Table 6 indicates that dropout and LRN are trained on the network to accelerate and prevent the overfitting phenomenon. However, the BN operation layer in training acceleration and classification accuracy are better than the two areas by data comparison, and the experimental results depict obvious differences. Figure 10 denotes the test results for error in Table 6.

4.3. Softmax Loss Models

The CNN in this study uses the Softmax loss models in the output to replace the traditional Softmax regression and multinomial logistic loss models. Table 7 compares the classification accuracy among the three models.

Figure 10 is a more intuitive histogram. The results of four hyperspectral data experiments show that the Softmax loss model has the highest classification accuracy, compared with the multinomial logistic loss model.

4.4. Comparison with Other Approaches

The proposed method in this study is compared with recent works on the HSI classification studies. The training accuracy evaluation indicators, namely, OA and Kappa coefficients, are important criteria for assessing network model classification performance. In Table 8, the proposed 2D-spectrum CNN model is compared with other advanced deep learning methods. The comparative data is derived from the work of Hu et al. [27], and the CNN data based on PPFs is from the research of Li et al. [28]. The data of Band-Adaptive Spectral-Spatial (BASS) net architecture is from the paper of Santara et al. [29].

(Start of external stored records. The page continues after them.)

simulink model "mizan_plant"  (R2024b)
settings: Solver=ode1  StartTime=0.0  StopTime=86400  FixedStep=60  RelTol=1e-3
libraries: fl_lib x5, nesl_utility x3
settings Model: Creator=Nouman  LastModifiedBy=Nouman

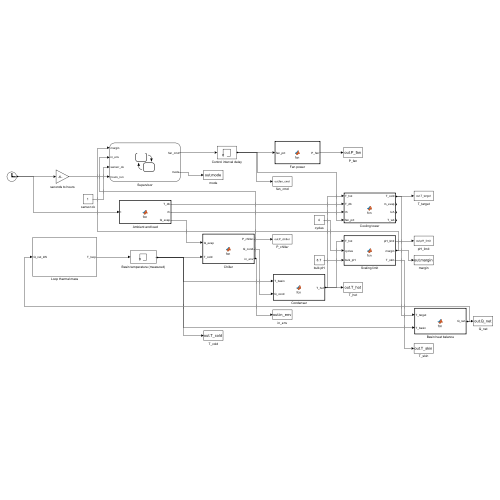
[thumbnail: Simulink's stored preview of the top-level diagram]
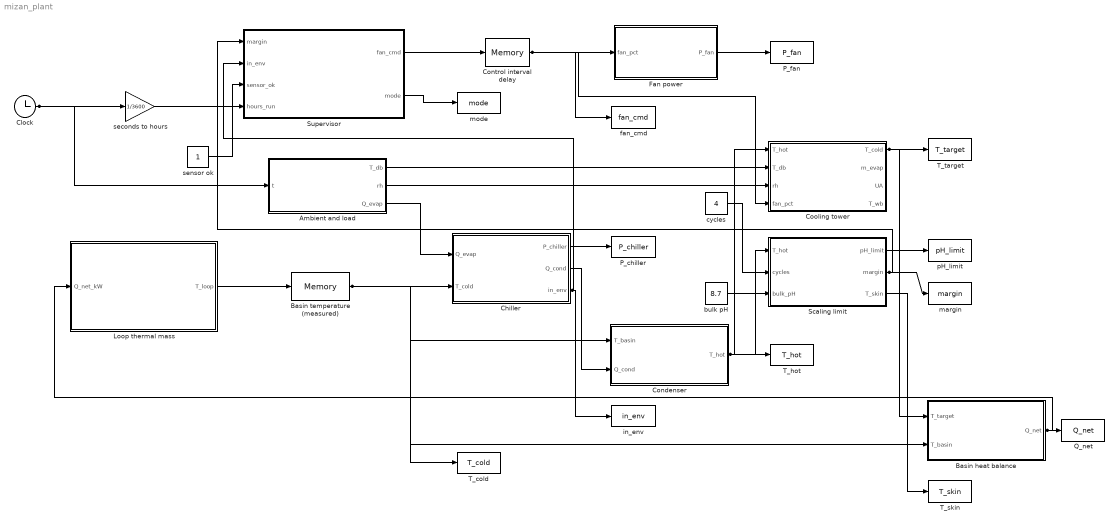
== system mizan_plant ==
  Ambient and load : MATLAB Function  TreatAsAtomicUnit=on
  Basin heat balance : MATLAB Function  TreatAsAtomicUnit=on
  Basin temperature (measured) : Memory  InitialCondition=26.85
  Chiller : MATLAB Function  TreatAsAtomicUnit=on
  Clock : Clock
  Condenser : MATLAB Function  TreatAsAtomicUnit=on
  Control interval delay : Memory  InitialCondition=85
  Cooling tower : MATLAB Function  TreatAsAtomicUnit=on
  Fan power : MATLAB Function  TreatAsAtomicUnit=on
  Loop thermal mass : Subsystem
  P_chiller : ToWorkspace  VariableName=P_chiller  SaveFormat=Timeseries  SampleTime=-1
  P_fan : ToWorkspace  VariableName=P_fan  SaveFormat=Timeseries  SampleTime=-1
  Q_net : ToWorkspace  VariableName=Q_net  SaveFormat=Timeseries  SampleTime=-1
  Scaling limit : MATLAB Function  TreatAsAtomicUnit=on
  Supervisor : Stateflow chart  TreatAsAtomicUnit=on
  T_cold : ToWorkspace  VariableName=T_cold  SaveFormat=Timeseries  SampleTime=-1
  T_hot : ToWorkspace  VariableName=T_hot  SaveFormat=Timeseries  SampleTime=-1
  T_skin : ToWorkspace  VariableName=T_skin  SaveFormat=Timeseries  SampleTime=-1
  T_target : ToWorkspace  VariableName=T_target  SaveFormat=Timeseries  SampleTime=-1
  bulk pH : Constant  Value=8.7
  cycles : Constant  Value=4
  fan_cmd : ToWorkspace  VariableName=fan_cmd  SaveFormat=Timeseries  SampleTime=-1
  in_env : ToWorkspace  VariableName=in_env  SaveFormat=Timeseries  SampleTime=-1
  margin : ToWorkspace  VariableName=margin  SaveFormat=Timeseries  SampleTime=-1
  mode : ToWorkspace  VariableName=mode  SaveFormat=Timeseries  SampleTime=-1
  pH_limit : ToWorkspace  VariableName=pH_limit  SaveFormat=Timeseries  SampleTime=-1
  seconds to hours : Gain  Gain=1/3600
  sensor ok : Constant
  wires:
  Clock/1 -> Ambient and load/1(t), seconds to hours/1
  seconds to hours/1 -> Supervisor/4(hours_run)
  bulk pH/1 -> Scaling limit/3(bulk_pH)
  Supervisor/2(mode) -> mode/1
  Supervisor/1(fan_cmd) -> Control interval delay/1
  sensor ok/1 -> Supervisor/3(sensor_ok)
  Basin heat balance/1(Q_net) -> Loop thermal mass/1(Q_net_kW), Q_net/1
  Loop thermal mass/1(T_loop) -> Basin temperature (measured)/1
  Ambient and load/2(rh) -> Cooling tower/3(rh)
  Ambient and load/3(Q_evap) -> Chiller/1(Q_evap)
  Ambient and load/1(T_db) -> Cooling tower/2(T_db)
  Basin temperature (measured)/1 -> Condenser/1(T_basin), Basin heat balance/2(T_basin), Chiller/2(T_cold), T_cold/1
  Control interval delay/1 -> Cooling tower/4(fan_pct), Fan power/1(fan_pct), fan_cmd/1
  Scaling limit/2(margin) -> Supervisor/1(margin), margin/1
  Chiller/2(Q_cond) -> Condenser/2(Q_cond)
  Chiller/1(P_chiller) -> P_chiller/1
  Chiller/3(in_env) -> Supervisor/2(in_env), in_env/1
  Fan power/1(P_fan) -> P_fan/1
  cycles/1 -> Scaling limit/2(cycles)
  Condenser/1(T_hot) -> Cooling tower/1(T_hot), Scaling limit/1(T_hot), T_hot/1
  Cooling tower/1(T_cold) -> Basin heat balance/1(T_target), T_target/1
  Scaling limit/1(pH_limit) -> pH_limit/1
  Scaling limit/3(T_skin) -> T_skin/1

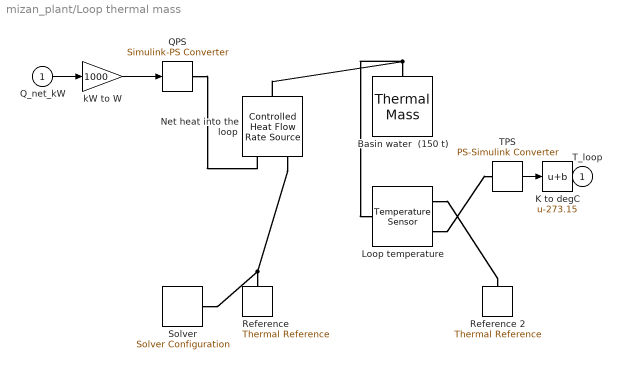
== system mizan_plant/Loop thermal mass ==
  Q_net_kW : Inport
  Basin water  (150 t) : fl_lib/Thermal/Thermal Elements/Thermal Mass  mass_type=foundation.enum.constant_variable.constant  mass=1.5e5 kg  sp_heat=4186 J/(K*kg)  mass_min=1e-6 kg  num_ports=foundation.enum.numPorts2.one  m_specify=off  m_priority=High  m=1 kg  m_nominal_specify=off  m_nominal_value=1  m_nominal_unit=kg  T_specify=off  T_priority=High  T=300 K  T_nominal_specify=off  T_nominal_value=1  T_nominal_unit=K  Q_specify=off  Q_priority=None  Q=0 W  Q_nominal_specify=off  Q_nominal_value=1  Q_nominal_unit=W
  K to degC : Bias  Bias=-273.15  SaturateOnIntegerOverflow=off
  Loop temperature : fl_lib/Thermal/Thermal Sensors/Temperature Sensor  temperature_measure=foundation.enum.MeasurementReference.difference
  Net heat into the loop : fl_lib/Thermal/Thermal Sources/Controlled Heat Flow Rate Source
  QPS : nesl_utility/Simulink-PS Converter  PhysicalDomain=network_engine_domain  SubClassName=ps_input  LeftPortType=input  RightPortType=output  PseudoPeriodic=off  Frequencies=[]  NoiseDistribution=none  NoiseParameters=[]  Unit=1  AffineConversion=off  FilteringAndDerivatives=provide  SimscapeFilterOrder=1  InputFilterTimeConstant=0.001  UdotUserProvided=0
  Reference : fl_lib/Thermal/Thermal Elements/Thermal Reference
  Reference 2 : fl_lib/Thermal/Thermal Elements/Thermal Reference
  Solver : nesl_utility/Solver Configuration  PhysicalDomain=network_engine_domain  SubClassName=solver  LeftPortType=input  RightPortType=generic  Tones=[]  Harmonics=[]  SimulateNoise=off  Profile=off  UseLocalSampling=off  EnableSwitchedLinearOptims=on  FrequencyDomain=off  UseCCode=off  RelTol=0.001  AbsTol=0.001  MinStep=1e-09  ToWorkspace=off  RevertToSquareIcSolve=off  NumHomotopyIterations=100  PhasorMode=off  PhasorModeNumHarmonics=1  ConsistencySolver=NEWTON_XTOL_AFTER_FTOL  IndexReductionMethod=DerivativeReplacement  DoDC=off  ResidualTolerance=1e-09  ConsistencyTolSource=GLOBAL  ConsistencyAbsTol=0.001  ConsistencyRelTol=0.001  ConsistencyTolFactor=0.001  UseLocalSolver=on  LocalSolverChoice=NE_BACKWARD_EULER_ADVANCER  ResolveIndetEquations=on  FunctionEvalNumThread=1  LocalSolverSampleTime=60  DoFixedCost=off  MaxNonlinIter=3  MaxModeIter=2  ComputeImpulses=off  ImpulseIterations=2  LinearAlgebra=auto  LinearAlgebraNumThread=0  EquationFormulation=NE_TIME_EF  DelaysMemoryBudget=1024  AutomaticFiltering=on  FilteringTimeConstant=0.001  PartitionStorageMethod=AS_NEEDED  PartitionMemoryBudget=1024  PartitionMethod=ROBUST  MultibodyUseLocalSolver=off  MultibodyLocalSolverChoice=ODE1  MultibodyLocalSolverSampleTime=0.001
  TPS : nesl_utility/PS-Simulink Converter  PhysicalDomain=network_engine_domain  SubClassName=ps_output  LeftPortType=input  RightPortType=output  PseudoPeriodic=off  Frequencies=[]  VectorFormat=inherit  Unit=inherit  AffineConversion=off
  kW to W : Gain  Gain=1000
  T_loop : Outport
  wires:
  Q_net_kW/1 -> kW to W/1
  kW to W/1 -> QPS/1
  TPS/1 -> K to degC/1
  K to degC/1 -> T_loop/1
  connections:
  QPS/RConn1 -- Net heat into the loop/RConn1
  Basin water  (150 t)/LConn1 -- Net heat into the loop/LConn1 -- Loop temperature/LConn1
  Reference/LConn1 -- Net heat into the loop/RConn2 -- Solver/RConn1
  Loop temperature/RConn1 -- Reference 2/LConn1
  Loop temperature/RConn2 -- TPS/LConn1

== matlab function mizan_plant/Cooling tower ==
  data: T_hot input; T_cold output; T_db input; rh input; fan_pct input; m_evap output; UA output; T_wb output
function [T_cold, m_evap, UA, T_wb] = fcn(T_hot, T_db, rh, fan_pct)
% The tower, from the validated Poppe heat-and-mass-transfer model.
% Returns the cold water it can reach, the evaporation rate, an
% equivalent conductance UA [kW/K] for the physical network, and the
% wet-bulb -- the coldest temperature the tower could ever reach.
coder.extrinsic('mizan_tower_step');
T_cold = 30; m_evap = 0; UA = 100; T_wb = 25;
[T_cold, m_evap, UA, T_wb] = mizan_tower_step(T_hot, T_db, rh, fan_pct);

== matlab function mizan_plant/Ambient and load ==
  data: t input; T_db output; rh output; Q_evap output
function [T_db, rh, Q_evap] = fcn(t)
% One Dhahran summer day: cool before dawn, brutal in the afternoon, with
% the cooling load following the heat as it does in every real plant.
hr = mod(t/3600, 24);
s  = sin(pi*max(hr-6,0)/16)^2;
T_db   = 32 + 12*s;              % 32 C at night, 44 C at peak
rh     = 0.55 - 0.25*s;          % drier as it heats
Q_evap = 10000*(0.62 + 0.38*s);  % kW of cooling delivered

== matlab function mizan_plant/Chiller ==
  data: Q_evap input; P_chiller output; T_cold input; Q_cond output; in_env output
function [P_chiller, Q_cond, in_env] = fcn(Q_evap, T_cold)
% Electrical power drawn by the chiller, and the heat the tower must
% therefore reject: the cooling load PLUS the compressor work.
%
% IN_ENV is 0 when entering condenser water leaves the range the
% manufacturer's curves were fitted in. Left unchecked an optimiser walks
% out of that range and collects a saving that does not exist. This one
% did exactly that once, and booked a false water saving on the strength
% of it.
coder.extrinsic('mizan_chiller_step');
P_chiller = 1500; in_env = 1;
[P_chiller, in_env] = mizan_chiller_step(Q_evap, T_cold);
Q_cond = Q_evap + P_chiller;

== matlab function mizan_plant/Scaling limit ==
  data: T_hot input; pH_limit output; cycles input; bulk_pH input; margin output; T_skin output
function [pH_limit, margin, T_skin] = fcn(T_hot, cycles, bulk_pH)
% The pH above which magnesium silicate deposits, evaluated at the
% CONDENSER TUBE SKIN rather than in the bulk water.
%
% Brucite's saturation pH is RETROGRADE -- it falls as the surface gets
% hotter -- so the same loop is safe at low load and depositing at high
% load, with pH and conductivity reading identical in both cases. No
% fixed setpoint can express that.
coder.extrinsic('mizan_chem_step');
pH_limit = 9; T_skin = 40;
[pH_limit, T_skin] = mizan_chem_step(T_hot, cycles);
% An extrinsic call is opaque to the compiler, so the result is forced
% real and finite here. The chemistry can legitimately return an infinite
% limit when there is no magnesium in the water, and a solver transient
% can briefly ask for a temperature no water reaches.
pH_limit = real(pH_limit);
if ~isfinite(pH_limit), pH_limit = 14; end
T_skin   = real(T_skin);
margin = pH_limit - bulk_pH;   % positive = safe, negative = depositing

== matlab function mizan_plant/Condenser ==
  data: T_basin input; T_hot output; Q_cond input
function T_hot = fcn(T_basin, Q_cond)
% Water leaves the tower basin cold, picks up the condenser duty, and
% arrives back at the top of the tower hot:
%
%     T_hot = T_basin + Q_cond / (m_w * cp)
%
% That temperature rise is the condenser RANGE, and it is what sets the
% tube skin temperature -- which is where the scale actually forms.
m_w = 478;  cp = 4.186;
T_hot = T_basin + Q_cond/(m_w*cp);

== matlab function mizan_plant/Basin heat balance ==
  data: T_target input; Q_net output; T_basin input
function Q_net = fcn(T_target, T_basin)
% The tower basin is a mixing volume. Water arrives in it at whatever
% temperature the tower managed to reach, at the circulating flow rate,
% and the basin's own temperature relaxes towards that:
%
%     M cp dT/dt = m_w cp (T_target - T_basin)
%
% The time constant is the basin inventory over the circulating flow --
% about five minutes here -- and it is the reason a condenser loop cannot
% be controlled as though it responded instantly.
m_w = 478;  cp = 4.186;
Q_net = m_w*cp*(T_target - T_basin);

== stateflow chart mizan_plant/Supervisor ==
  state SHADOW
    du:
    mode = 1;
    fan_cmd = 85;
  state ADVISORY
    du:
    mode = 2;
    fan_cmd = 85;
  state FALLBACK
    du:
    mode = 0;
    fan_cmd = 85;
  state CLOSED_LOOP
    du:
    mode = 3;
    fan_cmd = 85 - 25*tanh(max(-margin,0)*8);
  (default) -> SHADOW
  FALLBACK -> ADVISORY : [sensor_ok && in_env]
  SHADOW -> ADVISORY : [hours_run > 1344]
  ADVISORY -> FALLBACK [order 2] : [~sensor_ok]
  CLOSED_LOOP -> FALLBACK : [~sensor_ok || ~in_env]
  ADVISORY -> CLOSED_LOOP [order 1] : [hours_run > 1512]
  data: margin input; in_env input; sensor_ok input; hours_run input; fan_cmd output; mode output

== matlab function mizan_plant/Fan power ==
  data: fan_pct input; P_fan output
function P_fan = fcn(fan_pct)
% Fan shaft power by the affinity law -- power goes as the CUBE of air
% flow, which is why backing the fan off is the single biggest lever the
% controller has on tower energy.
P_fan = 110*(max(min(fan_pct,100),0)/100)^3;

Figures 11 and 12 display the ground truth, training set, test set, and classification maps of Indian Pines and Salinas. It can be seen from the comparison of the performance that the classification performance of the 2D-spectrum CNN model is superior to other methods in different hyperspectral data in terms of overall accuracy and Kappa coefficient.

5. Conclusion

This paper proposes the 2D-spectrum CNN model that adds multilevel BN operating layers for HSI classification. The output uses a Softmax loss model for classification. In addition, many of the relevant factors include the number of iterations, learning rate, size of the input data, and size of the filter and feature graph. All of them will affect the final classification performance. The parameters obtained the optimal solution and reached the ideal effect in the experiments. The experiment results show that the CNN model proposed in this paper provides excellent performance. The training process converges quickly, thereby indicating that this method can be applied to large datasets. Furthermore, high classification accuracy can be achieved by applying sufficient iterations and number of datasets.

Data Availability

The data used to support the findings of this study are available from the corresponding author upon request.

Conflicts of Interest

The authors declare that there are no conflicts of interest.

Authors’ Contributions

Hongmin Gao and Shuo Lin contributed equally to this work and should be considered co-first authors.

Acknowledgments

This study is supported by the National Natural Science Foundation of China (no. 61701166), Projects in the National Science & Technology Pillar Program during the Twelfth Five-Year Plan Period (no. 2015BAB07B01), the Fundamental Research Funds for the Central Universities (no. 2018B16314), the China Postdoctoral Science Foundation (no. 2018M632215), National Science Foundation for Young Scientists of China (no. 51709271), and Young Elite Scientists Sponsorship Program by China Association for Science and Technology (no. 2017QNRC001).